* Exercise objective: Search the records for "SampleTime". Report every line where it occurs.

== Segment start ==

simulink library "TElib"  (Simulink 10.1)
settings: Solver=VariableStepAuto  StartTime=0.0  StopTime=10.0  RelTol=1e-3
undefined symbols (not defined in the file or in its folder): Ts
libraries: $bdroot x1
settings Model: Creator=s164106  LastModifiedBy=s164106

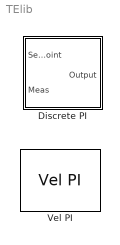
== system TElib ==
  Discrete PI : Subsystem  mask{Kc=0, Ti=inf, Ts=1, x0=0, Hi=1, Lo=-1}
  Vel PI : $bdroot/Discrete PI/Vel PI  Kc=Kc  Ti=Ti  Ts=Ts

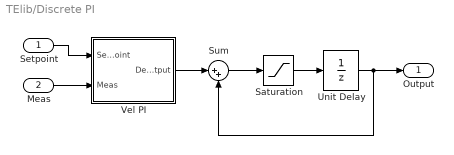
== system TElib/Discrete PI ==
  Setpoint : Inport
  Meas : Inport  Port=2
  Saturation : Saturate  UpperLimit=Hi  LowerLimit=Lo
  Sum : Sum  Inputs=|++  SaturateOnIntegerOverflow=on
  Unit Delay : UnitDelay  InitialCondition=x0  SampleTime=Ts
  Vel PI : Subsystem  mask{Kc=Kc, Ti=Ti, Ts=Ts}
  Output : Outport
  wires:
  Sum/1 -> Saturation/1
  Vel PI/1(Delta Output) -> Sum/1
  Saturation/1 -> Unit Delay/1
  Unit Delay/1 -> Sum/2, Output/1
  Meas/1 -> Vel PI/2(Meas)
  Setpoint/1 -> Vel PI/1(Setpoint)

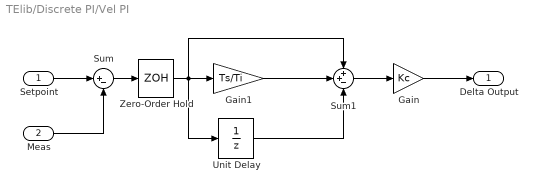
== system TElib/Discrete PI/Vel PI ==
  Setpoint : Inport
  Meas : Inport  Port=2
  Gain : Gain  Gain=Kc  SaturateOnIntegerOverflow=on  OutDataTypeStr=Inherit: Same as input  ParamDataTypeStr=Inherit: Same as input
  Gain1 : Gain  Gain=Ts/Ti  SaturateOnIntegerOverflow=on  OutDataTypeStr=Inherit: Same as input  ParamDataTypeStr=Inherit: Same as input
  Sum : Sum  Inputs=|+-  SaturateOnIntegerOverflow=on
  Sum1 : Sum  Inputs=++-  SaturateOnIntegerOverflow=on
  Unit Delay : UnitDelay  SampleTime=Ts
  Zero-Order Hold : ZeroOrderHold  SampleTime=Ts
  Delta Output : Outport
  wires:
  Setpoint/1 -> Sum/1
  Meas/1 -> Sum/2
  Gain/1 -> Delta Output/1
  Sum1/1 -> Gain/1
  Gain1/1 -> Sum1/2
  Unit Delay/1 -> Sum1/3
  Sum/1 -> Zero-Order Hold/1
  Zero-Order Hold/1 -> Gain1/1, Unit Delay/1, Sum1/1

== Segment end ==

* Task answer:
  Unit Delay : UnitDelay  InitialCondition=x0  SampleTime=Ts
  Unit Delay : UnitDelay  SampleTime=Ts
  Zero-Order Hold : ZeroOrderHold  SampleTime=Ts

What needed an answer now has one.